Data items

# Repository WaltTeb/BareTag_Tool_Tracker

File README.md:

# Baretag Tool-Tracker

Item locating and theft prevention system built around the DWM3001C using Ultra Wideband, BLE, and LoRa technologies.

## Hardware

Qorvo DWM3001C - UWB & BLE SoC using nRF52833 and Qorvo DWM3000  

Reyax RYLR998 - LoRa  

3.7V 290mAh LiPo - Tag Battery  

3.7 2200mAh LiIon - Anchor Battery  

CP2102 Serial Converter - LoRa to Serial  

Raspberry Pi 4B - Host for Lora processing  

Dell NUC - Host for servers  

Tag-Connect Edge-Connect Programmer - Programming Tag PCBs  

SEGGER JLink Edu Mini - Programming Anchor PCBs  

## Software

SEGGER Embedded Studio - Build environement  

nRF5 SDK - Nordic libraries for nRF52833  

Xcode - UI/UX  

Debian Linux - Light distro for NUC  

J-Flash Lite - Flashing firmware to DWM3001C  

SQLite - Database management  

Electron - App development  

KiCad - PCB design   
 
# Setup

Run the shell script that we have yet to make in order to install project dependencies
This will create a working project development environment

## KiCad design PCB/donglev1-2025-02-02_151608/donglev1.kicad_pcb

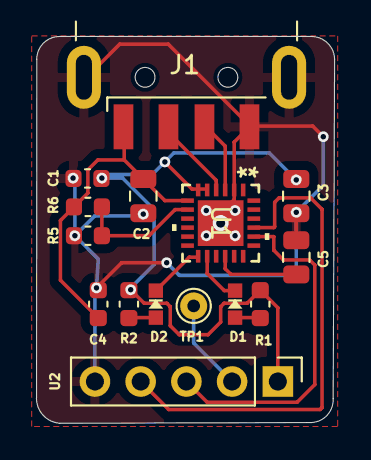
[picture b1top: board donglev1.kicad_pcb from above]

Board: 2 copper layers, 16.6 x 21.5 mm, 15 parts (0 on the bottom side), 12 nets.

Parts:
C1, C4: C0603C104J4RACTU; C_0603_1608Metric
C2, C3, C5: C0603C106M9PAC7867; C_0805_2012Metric
D1: D1; CHIPLED_0603_NOOUTLINE
D2: D2; CHIPLED_0603_NOOUTLINE
J1: 1734028-1; USB_A_CNCTech_1001-011-01101_Horizontal
R1, R2, R6: RT0603BRD0720KL; C_0603_1608Metric
R5: RC0603FR-0747KL; C_0603_1608Metric
TP1: TestPoint; TestPoint_THTPad_D1.5mm_Drill0.7mm
U1: CP2102N-24; QFN24_CP2102N_SIL-L
U2: RYLR998; PinHeader_1x05_P2.54mm_Vertical

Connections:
+3.3V: C1.1, C3.1, R1.2, R2.2, U1.5 (VIO), U1.6 (VDD), U2.1
+5V: C2.1, C4.1, J1.1 (VBUS), R6.2, U1.7 (REGIN)
/D+: J1.3 (D+), U1.3 (D+)
/D-: J1.2 (D-), U1.4 (D-)
/RSTL: TP1.1, U2.2
/RX: U1.20 (RXD), U2.3
/TX: U1.21 (TXD), U2.4
/VBUS_DETECT: R5.2, R6.1, U1.8 (VBUS)
GND: C1.2, C2.2, C3.2, C4.2, C5.2, J1.4 (GND), J1.5 (Shield), R5.1, U1.2 (GND), U2.5
unnamed: C5.1, U1.16 (CP2014VREG)
unnamed: D1.C, U1.14 (GPIO0/TXLED)
unnamed: D2.C, U1.13 (GPIO1/RXLED)

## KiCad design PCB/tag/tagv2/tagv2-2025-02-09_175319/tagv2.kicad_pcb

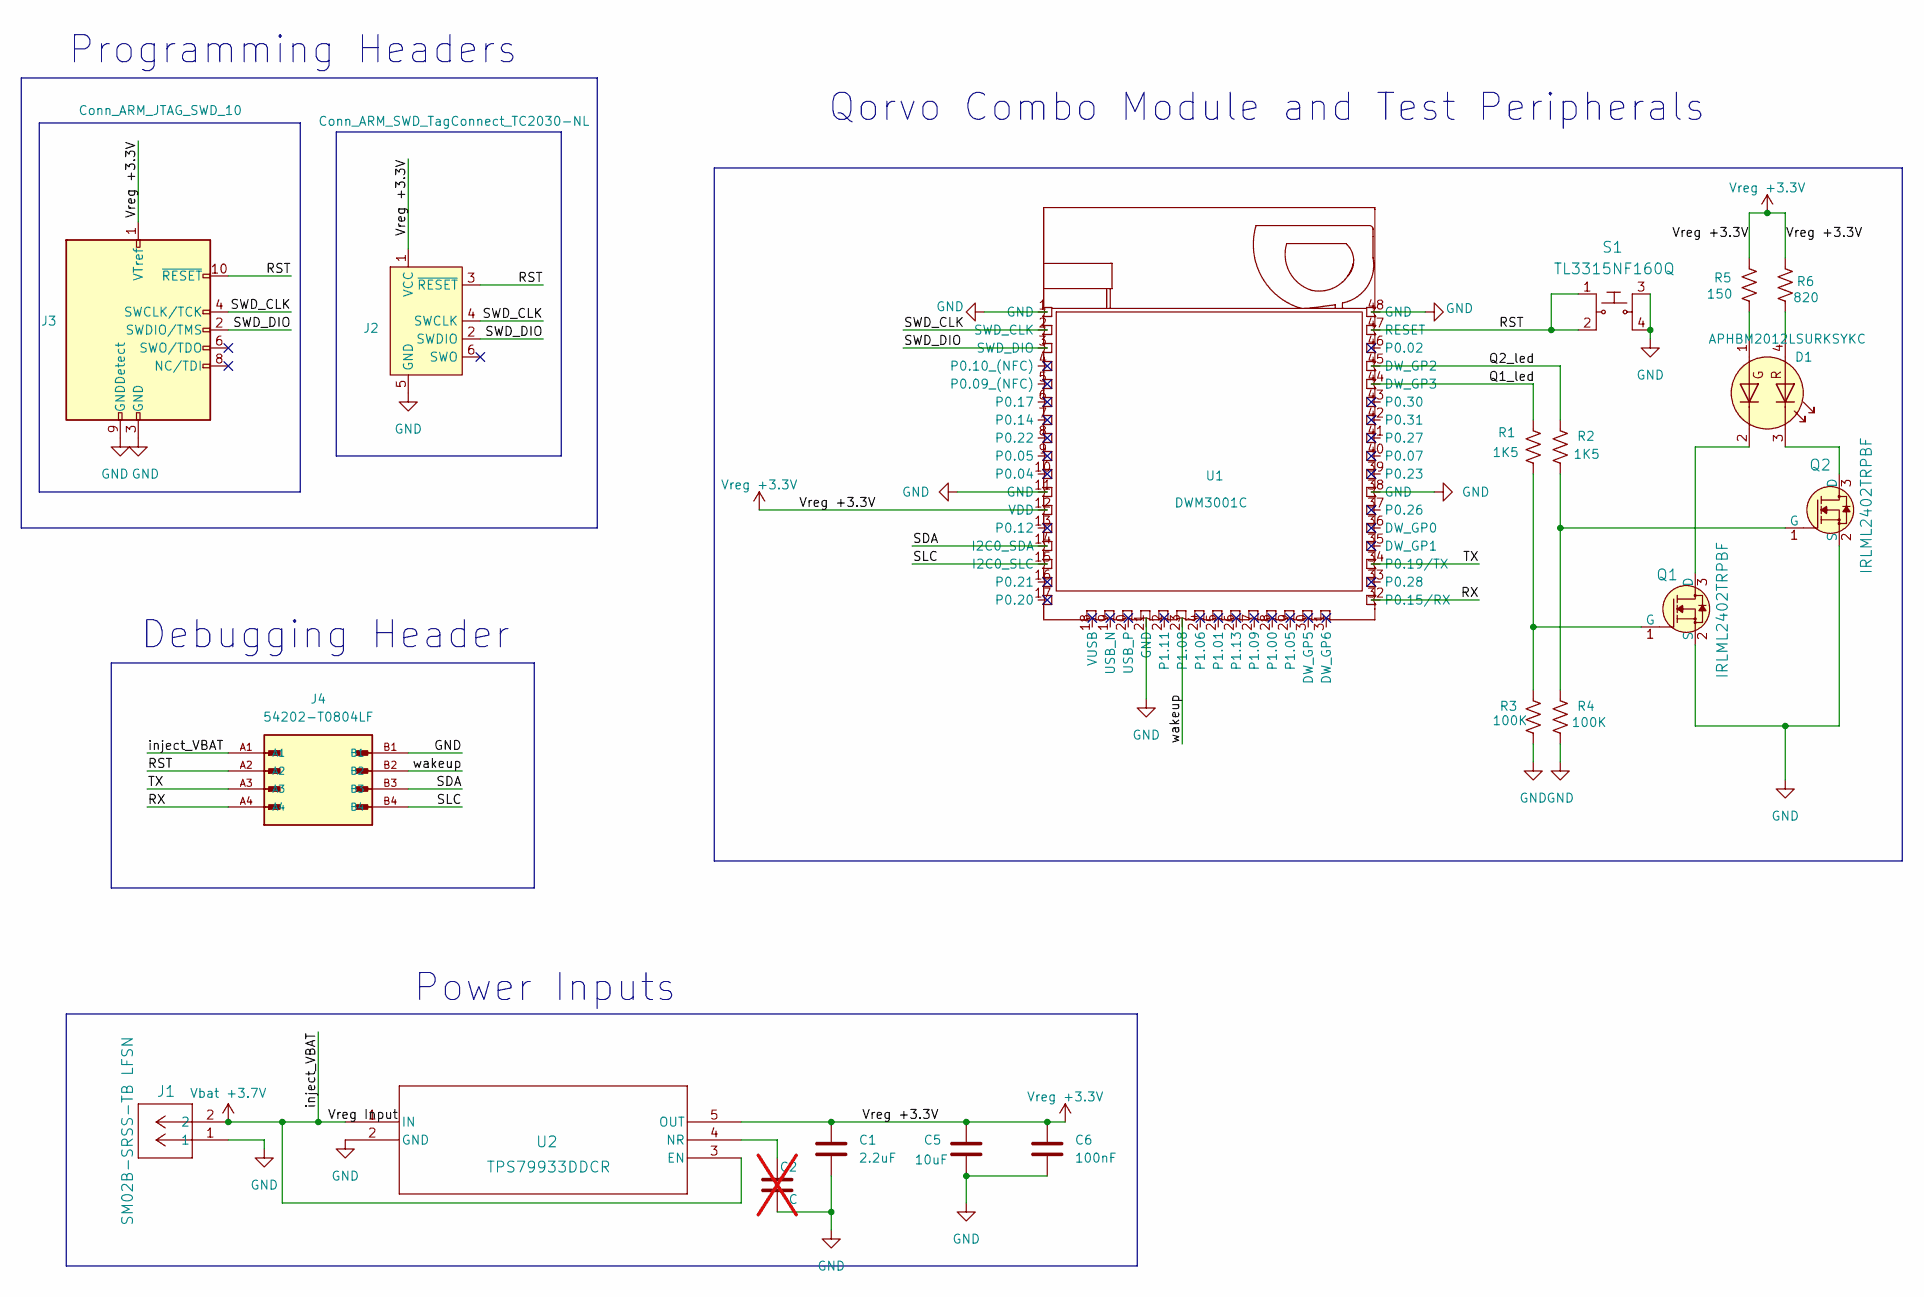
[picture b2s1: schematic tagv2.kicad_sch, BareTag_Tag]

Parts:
C1: 2.2uF; GRM155C80J225KE95D
C2: C; GRM155C80J225KE95D; not fitted
C5: 10uF; GRM155C80J225KE95D
C6: 100nF; C_0603_1608Metric
D1: APHBM2012LSURKSYKC; LED_APHBM2012LSURKSYKC
J1: SM02B-SRSS-TB LFSN; SM02BSRSSTBLFSN
J2: Conn_ARM_SWD_TagConnect_TC2030-NL
J3: Conn_ARM_JTAG_SWD_10; PinHeader_2x05_P1.27mm_Vertical_SMD
J4: 54202-T0804LF; AMPHENOL_54202-T0804LF; PARTREV AC
Q1, Q2: IRLML2402TRPBF; SOT-23-3; MPN IRLML2402TRPBF; Digi-Key_PN IRLML2402PBFCT-ND
R1, R2: 1K5; R_0402_1005Metric
R3, R4: 100K; R_0402_1005Metric
R5: 150; R_0402_1005Metric
R6: 820; R_0402_1005Metric
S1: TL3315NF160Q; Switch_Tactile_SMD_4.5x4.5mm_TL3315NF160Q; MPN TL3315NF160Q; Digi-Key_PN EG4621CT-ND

## TASK DESCRIPTION:
Above are some records. Copy each of their lines that holds the string "picture".

## SOLVED EXERCISE:
[picture b1top: board donglev1.kicad_pcb from above]
[picture b2s1: schematic tagv2.kicad_sch, BareTag_Tag]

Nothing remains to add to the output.